GIVEN DATA:
========================================================================

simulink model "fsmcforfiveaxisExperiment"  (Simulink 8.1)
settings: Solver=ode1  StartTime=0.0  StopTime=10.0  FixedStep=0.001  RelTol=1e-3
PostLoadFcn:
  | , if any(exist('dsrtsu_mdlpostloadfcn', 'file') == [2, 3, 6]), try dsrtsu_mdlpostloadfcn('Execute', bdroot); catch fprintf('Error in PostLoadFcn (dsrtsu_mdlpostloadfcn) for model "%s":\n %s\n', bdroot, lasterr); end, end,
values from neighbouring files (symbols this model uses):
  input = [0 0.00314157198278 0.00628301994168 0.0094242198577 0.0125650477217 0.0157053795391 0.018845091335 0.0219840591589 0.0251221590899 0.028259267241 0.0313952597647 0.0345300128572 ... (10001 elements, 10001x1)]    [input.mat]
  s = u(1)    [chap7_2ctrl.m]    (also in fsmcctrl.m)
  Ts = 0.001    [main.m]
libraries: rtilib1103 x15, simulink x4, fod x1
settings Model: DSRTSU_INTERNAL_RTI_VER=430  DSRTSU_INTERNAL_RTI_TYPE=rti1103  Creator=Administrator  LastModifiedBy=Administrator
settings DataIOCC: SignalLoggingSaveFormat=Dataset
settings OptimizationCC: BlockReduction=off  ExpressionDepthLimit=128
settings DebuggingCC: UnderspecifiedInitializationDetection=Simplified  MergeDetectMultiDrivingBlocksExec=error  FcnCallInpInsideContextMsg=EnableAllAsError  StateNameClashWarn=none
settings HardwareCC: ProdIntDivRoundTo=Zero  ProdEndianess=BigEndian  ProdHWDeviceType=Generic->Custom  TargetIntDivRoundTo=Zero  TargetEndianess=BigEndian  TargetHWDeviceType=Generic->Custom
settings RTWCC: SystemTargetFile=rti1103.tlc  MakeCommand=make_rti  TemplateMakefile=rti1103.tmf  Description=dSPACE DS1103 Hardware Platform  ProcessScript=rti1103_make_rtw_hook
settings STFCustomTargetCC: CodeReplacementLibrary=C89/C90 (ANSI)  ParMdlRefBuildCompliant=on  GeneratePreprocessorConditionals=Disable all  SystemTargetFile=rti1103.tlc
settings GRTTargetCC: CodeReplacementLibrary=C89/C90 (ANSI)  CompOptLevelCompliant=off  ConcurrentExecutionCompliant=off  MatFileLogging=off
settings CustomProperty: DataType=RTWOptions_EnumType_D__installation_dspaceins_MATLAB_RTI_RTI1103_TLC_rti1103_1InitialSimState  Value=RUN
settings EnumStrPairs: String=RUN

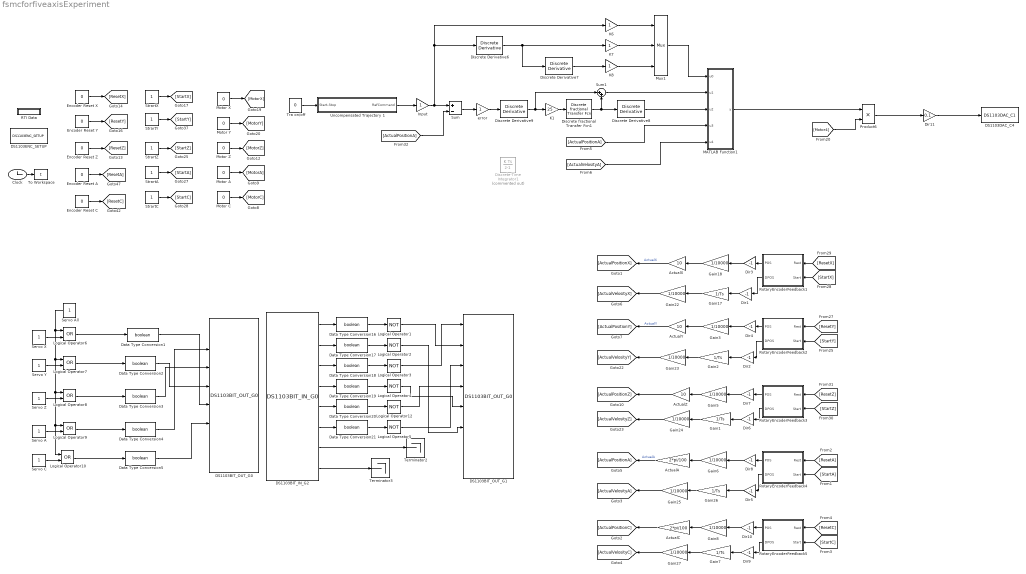
== system fsmcforfiveaxisExperiment ==
  ActualA : Gain  Gain=2*pi/100
  ActualC : Gain  Gain=2*pi/100  SampleTime=0.001
  ActualX : Gain  Gain=10  SampleTime=0.001
  ActualY : Gain  Gain=10  SampleTime=0.001
  ActualZ : Gain  Gain=10  SampleTime=0.001
  Clock : Clock
  DS1103BIT_IN_G2 : rtilib1103/DS1103 MASTER PPC/DS1103BIT_IN_G0  GroupNo=2  Reserved1=[]  Reserved2=[]  Reserved3=[]  Reserved4=[]  DialogFcn=gui1103bit_inx  UnitName={ 'DS1103BIT_IN_G'}  UnitValues={ 2 }  DSProperties=struct('RTI',struct('Version',uint32(1),'BlockType',struct('isSLSource',uint8(1),'isSLSink',uint8(0),'isHWSource',uint8(1),'isHWSink',uint8(0),'isSetup',uint8(0),'isInline',uint8(1),'isNonInline',uint8(0),'isInterrupt',uint8(0),'isChannelwise',uint8(0)),'IOBoardType','DS1103MASTER','UnitType','BIT','Identifier','BITIN','DialogType','ML','BlockSet','NONE','SlaveProcessor','NONE'))
  DS1103BIT_OUT_G0 : rtilib1103/DS1103 MASTER PPC/DS1103BIT_OUT_G0  GroupNo=0  InitValue=[0 0 0 0 0 0 0 0]  TermMode=[1 1 1 1 1 1 1 1]  TermValue=[0 0 0 0 0 0 0 0]  Reserved1=[]  Reserved2=[]  Reserved3=[]  Reserved=[]  DialogFcn=gui1103bit_out  UnitName={ 'DS1103BIT_OUT_G'}  UnitValues={ 0 }  DSProperties=struct('RTI',struct('Version',uint32(1),'BlockType',struct('isSLSource',uint8(0),'isSLSink',uint8(1),'isHWSource',uint8(0),'isHWSink',uint8(1),'isSetup',uint8(0),'isInline',uint8(1),'isNonInline',uint8(0),'isInterrupt',uint8(0),'isChannelwise',uint8(0)),'IOBoardType','DS1103MASTER','UnitType','BIT','Identifier','BITOUT','DialogType','ML','BlockSet','NONE','SlaveProcessor','NONE'))
  DS1103BIT_OUT_G1 : rtilib1103/DS1103 MASTER PPC/DS1103BIT_OUT_G0  GroupNo=1  InitValue=[0 0 0 0 0 0 0 0]  TermMode=[1 1 1 1 1 1 1 1]  TermValue=[0 0 0 0 0 0 0 0]  Reserved1=[]  Reserved2=[]  Reserved3=[]  Reserved=[]  DialogFcn=gui1103bit_out  UnitName={ 'DS1103BIT_OUT_G'}  UnitValues={ 1 }  DSProperties=struct('RTI',struct('Version',uint32(1),'BlockType',struct('isSLSource',uint8(0),'isSLSink',uint8(1),'isHWSource',uint8(0),'isHWSink',uint8(1),'isSetup',uint8(0),'isInline',uint8(1),'isNonInline',uint8(0),'isInterrupt',uint8(0),'isChannelwise',uint8(0)),'IOBoardType','DS1103MASTER','UnitType','BIT','Identifier','BITOUT','DialogType','ML','BlockSet','NONE','SlaveProcessor','NONE'))
  DS1103DAC_C4 : rtilib1103/DS1103 MASTER PPC/DS1103DAC_C1  ChannelNo=4  InitValue=0  TermMode=1  TermValue=0  Reserved1=[]  Reserved2=[]  Reserved3=[]  Reserved4=[]  DialogFcn=gui1103dac  UnitName={ 'DS1103DAC_C' }  UnitValues={ 4 }  DSProperties=struct('RTI',struct('Version',uint32(1),'BlockType',struct('isSLSource',uint8(0),'isSLSink',uint8(1),'isHWSource',uint8(0),'isHWSink',uint8(1),'isSetup',uint8(0),'isInline',uint8(1),'isNonInline',uint8(0),'isInterrupt',uint8(0),'isChannelwise',uint8(1)),'IOBoardType','DS1103MASTER','UnitType','DAC','Identifier','DAC','DialogType','ML','BlockSet','NONE','SlaveProcessor','NONE'))
  DS1103ENC_SETUP : rtilib1103/DS1103 MASTER PPC/DS1103ENC_SETUP  EncRange=0  Reserved1=[]  Reserved2=[]  Reserved3=[]  Reserved4=[]  DialogFcn=gui1103enc_setup  UnitName={ 'DS1103ENC_SETUP' }  UnitValues={ [] }  DSProperties=struct('RTI',struct('Version',uint32(1),'BlockType',struct('isSLSource',uint8(0),'isSLSink',uint8(0),'isHWSource',uint8(0),'isHWSink',uint8(0),'isSetup',uint8(0),'isInline',uint8(1),'isNonInline',uint8(0),'isInterrupt',uint8(0),'isChannelwise',uint8(0)),'IOBoardType','DS1103MASTER','UnitType','ENC','Identifier','ENCMASTER','DialogType','ML','BlockSet','NONE','SlaveProcessor','NONE'))
      settings: SignalType=[0 0 0 0 0 0 0]
  Data Type Conversion{1..5,16..21} (11 alike) : DataTypeConversion  OutDataTypeStr=boolean
  Dir{1..4,6..10} (9 alike) : Gain  Gain=-1  SampleTime=0.001
  Dir11 : Gain  Gain=0.1  SampleTime=0.001
  Dir5 : Gain  Gain=-1
  Discrete Derivative{6..9} (4 alike) : simulink/Discrete/Discrete Derivative  gainval=1.0  ICPrevScaledInput=0.0  InputProcessing=Inherited  OutMin=[]  OutMax=[]  OutDataType=fixdt(1, 16)  OutScaling=2^-10  DoSatur=off
  Discrete fractional Transfer Fcn1 : fod/Discrete fractional Transfer Fcn  zeroPoly=1  polePoly=s^1.1  freqRange=[0.001, 1000]  approxNum=5  useRef=off  dscrMethod=Matched  wc=0  ts=0.001
  Discrete-Time Integrator1 : DiscreteIntegrator  Commented=on  InitialConditionMode=State only (most efficient)  SampleTime=0.001
  "Encoder Reset A " : Constant  Value=0
  Encoder Reset C : Constant  Value=0
  Encoder Reset X : Constant  Value=0
  Encoder Reset Y : Constant  Value=0
  Encoder Reset Z : Constant  Value=0
  Gain{1..2,7,17,26} (5 alike) : Gain  Gain=1/Ts  SampleTime=0.001
  Gain{3,5,8,18,22..25,27} (9 alike) : Gain  Gain=1/10000  SampleTime=0.001
  Gain6 : Gain  Gain=1/10000
  Input : Gain  SampleTime=0.001
  K1 : Gain  Gain=25  SampleTime=0.001
  K6 : Gain
  K7 : Gain
  K8 : Gain
  Logical Operator{1..5,12} (6 alike) : Logic  Operator=NOT  AllPortsSameDT=off  OutDataTypeStr=boolean
  Logical Operator{6..10} (5 alike) : Logic  Operator=OR  AllPortsSameDT=off  OutDataTypeStr=boolean
  MATLAB Function1 : MATLAB Function  TreatAsAtomicUnit=on
      settings: PermitHierarchicalResolution=ParametersOnly
  Motor A : Constant  Value=0
  Motor C : Constant  Value=0
  Motor X : Constant  Value=0
  Motor Y : Constant  Value=0
  Motor Z : Constant  Value=0
  Mux1 : Mux  Inputs=3
  Product6 : Product  RndMeth=Zero
  RTI Data : Subsystem  Tag=struct('RTIDataServer',struct('RTIDataServerVs','2','RTIModelDescription','struct(''main'',''fsmcforfiveaxis20132'',''sub'','''',''isMp'',0)'))  LoadFcn="if exist('rtidc'), try,  rtidc('DataHostBlockClbLoad', gcbh); catch, disp(['Warning: ''LoadFcn'' for RTI Data block failed: ' lasterr]); end, end,"  mask(RTI_DATA_HOST){}
      mask help:
      | RTI Data Block.
      | This block is used by RTI to store internal model-dependent data.
      | Please keep this block on the root level of the model. Deleting this block will result in data loss.
      |
      | NEVER DELETE OR COPY THIS BLOCK!
      settings: CopyFcn="if exist('rtidc'), try,  rtidc('DataHostBlockClbCopy', gcbh); catch, disp(['Warning: ''CopyFcn'' for RTI Data block failed: ' lasterr]); end, end,"  DeleteFcn="if exist('rtidc'), try,  rtidc('DataHostBlockClbDelete', gcbh); catch, disp(['Warning: ''DeleteFcn'' for RTI Data block failed: ' lasterr]); end, end,"  ModelCloseFcn="if exist('rtidc'), try,  rtidc('DataHostBlockClbModelClose', gcbh); catch, disp(['Warning: ''ModelCloseFcn'' for RTI Data block failed: ' lasterr]); end, end,"  PreSaveFcn="if exist('rtidc'), try,  rtidc('DataHostBlockClbPreSave', gcbh); catch, disp(['Warning: ''PreSaveFcn'' for RTI Data block failed: ' lasterr]); end, end,"  PostSaveFcn="if exist('rtidc'), try,  rtidc('DataHostBlockClbPostSave', gcbh); catch, disp(['Warning: ''PostSaveFcn'' for RTI Data block failed: ' lasterr]); end, end,"  NameChangeFcn="if exist('rtidc'), try,  rtidc('DataHostBlockClbNameChange', gcbh); catch, disp(['Warning: ''NameChangeFcn'' for RTI Data block failed: ' lasterr]); end, end,"
      mask Help:
      | RTI Data Block.
      | This block is used by RTI to store internal model-dependent data.
      | Please keep this block on the root level of the model. Deleting this block will result in data loss.
      | 
      | NEVER DELETE OR COPY THIS BLOCK!
      mask Display:
      | text(0.5, 0.5, 'RTI Data', 'HorizontalAlignment', 'center');
      | plot([1 0]);
  RotaryEncoderFeedback1 : Subsystem
  RotaryEncoderFeedback2 : Subsystem
  RotaryEncoderFeedback3 : Subsystem
  RotaryEncoderFeedback4 : Subsystem
  RotaryEncoderFeedback5 : Subsystem
  Servo A : Constant
  Servo All : Constant
  Servo C : Constant
  Servo X : Constant
  Servo Y : Constant
  Servo Z : Constant
  StrartA : Constant
  StrartC : Constant
  StrartX : Constant
  StrartY : Constant
  StrartZ : Constant
  Sum : Sum  Inputs=+-  SampleTime=0.001  SaturateOnIntegerOverflow=on  InputSameDT=on  OutDataTypeStr=Inherit: Same as first input
  Sum1 : Sum  Inputs=|++  SampleTime=0.001
  Terminator2 : Terminator
  Terminator3 : Terminator
  To Workspace : ToWorkspace  VariableName=t  SampleTime=-1
  "Tra on/off " : Constant  Value=0  SampleTime=0.001
  Uncompensated Trajectory 1 : Subsystem
  error : Gain  SampleTime=0.001
  wires:
  Clock/1 -> To Workspace/1
  Sum/1 -> error/1
  Discrete Derivative9/1 -> Sum1/1, K1/1
  Sum1/1 -> MATLAB Function1/2(u1)
  K1/1 -> Discrete fractional Transfer Fcn1/1
  Discrete fractional Transfer Fcn1/1 -> Discrete Derivative8/1, Sum1/2
  Discrete Derivative8/1 -> MATLAB Function1/3(u2)
  RotaryEncoderFeedback1/1(POS) -> Dir3/1
  [StartX] -> RotaryEncoderFeedback1/2(Start)
  [ResetX] -> RotaryEncoderFeedback1/1(Rest)
  [ResetY] -> RotaryEncoderFeedback2/1(Rest)
  [StartY] -> RotaryEncoderFeedback2/2(Start)
  RotaryEncoderFeedback1/2(DPOS) -> Dir1/1
  Gain18/1 -> ActualX/1
  ActualX/1 -> [ActualPositionX]  "ActualX"
  Dir3/1 -> Gain18/1
  Dir1/1 -> Gain17/1
  [ResetZ] -> RotaryEncoderFeedback3/1(Rest)
  [StartZ] -> RotaryEncoderFeedback3/2(Start)
  RotaryEncoderFeedback3/2(DPOS) -> Dir6/1
  Gain22/1 -> [ActualVelosityX]
  Gain3/1 -> ActualY/1
  ActualY/1 -> [ActualPositionY]  "ActualY"
  Dir4/1 -> Gain3/1
  Dir2/1 -> Gain2/1
  Gain2/1 -> Gain23/1
  Gain23/1 -> [ActualVelosityY]
  RotaryEncoderFeedback3/1(POS) -> Dir7/1
  Gain5/1 -> ActualZ/1
  Dir7/1 -> Gain5/1
  Gain24/1 -> [ActualVelosityZ]
  ActualZ/1 -> [ActualPositionZ]
  RotaryEncoderFeedback2/1(POS) -> Dir4/1
  RotaryEncoderFeedback2/2(DPOS) -> Dir2/1
  Motor X/1 -> [MotorX]
  Motor Y/1 -> [MotorY]
  Encoder Reset X/1 -> [ResetX]
  Encoder Reset Y/1 -> [ResetY]
  Motor Z/1 -> [MotorZ]
  Encoder Reset Z/1 -> [ResetZ]
  [ResetA] -> RotaryEncoderFeedback4/1(Rest)
  [StartA] -> RotaryEncoderFeedback4/2(Start)
  [ResetC] -> RotaryEncoderFeedback5/1(Rest)
  [StartC] -> RotaryEncoderFeedback5/2(Start)
  RotaryEncoderFeedback5/2(DPOS) -> Dir9/1
  Gain6/1 -> ActualA/1
  ActualA/1 -> [ActualPositionA]  "ActualA"
  Dir8/1 -> Gain6/1
  Dir5/1 -> Gain26/1
  Gain25/1 -> [ActualVelosityA]
  RotaryEncoderFeedback5/1(POS) -> Dir10/1
  Gain8/1 -> ActualC/1
  Dir10/1 -> Gain8/1
  Dir9/1 -> Gain7/1
  Gain7/1 -> Gain27/1
  Gain27/1 -> [ActualVelosityC]
  ActualC/1 -> [ActualPositionC]
  RotaryEncoderFeedback4/1(POS) -> Dir8/1
  RotaryEncoderFeedback4/2(DPOS) -> Dir5/1
  [ActualPositionA] -> Sum/2
  [ActualPositionA] -> MATLAB Function1/4(u3)
  [ActualVelosityA] -> MATLAB Function1/5(u4)
  Dir11/1 -> DS1103DAC_C4/1
  Motor A/1 -> [MotorA]
  Motor C/1 -> [MotorC]
  Gain1/1 -> Gain24/1
  Dir6/1 -> Gain1/1
  "Encoder Reset A "/1 -> [ResetA]
  Encoder Reset C/1 -> [ResetC]
  StrartY/1 -> [StartY]
  StrartX/1 -> [StartX]
  StrartA/1 -> [StartA]
  StrartZ/1 -> [StartZ]
  StrartC/1 -> [StartC]
  "Tra on/off "/1 -> Uncompensated Trajectory 1/1(Start-Stop)
  error/1 -> Discrete Derivative9/1
  Gain17/1 -> Gain22/1
  Gain26/1 -> Gain25/1
  Discrete Derivative6/1 -> Discrete Derivative7/1, K7/1
  Discrete Derivative7/1 -> K8/1
  K6/1 -> Mux1/1
  K7/1 -> Mux1/2
  K8/1 -> Mux1/3
  Mux1/1 -> MATLAB Function1/1(u0)
  Input/1 -> Discrete Derivative6/1, K6/1, Sum/1
  Uncompensated Trajectory 1/1(RefCommand) -> Input/1
  MATLAB Function1/1(y) -> Product6/1
  [Motor4] -> Product6/2
  Product6/1 -> Dir11/1
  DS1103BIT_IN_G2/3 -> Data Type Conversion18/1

========================================================================

EXERCISE DETAILS:
A single figure is required: the number of lines in the entries above that include the word "catch".

YOUR SOLUTION:
3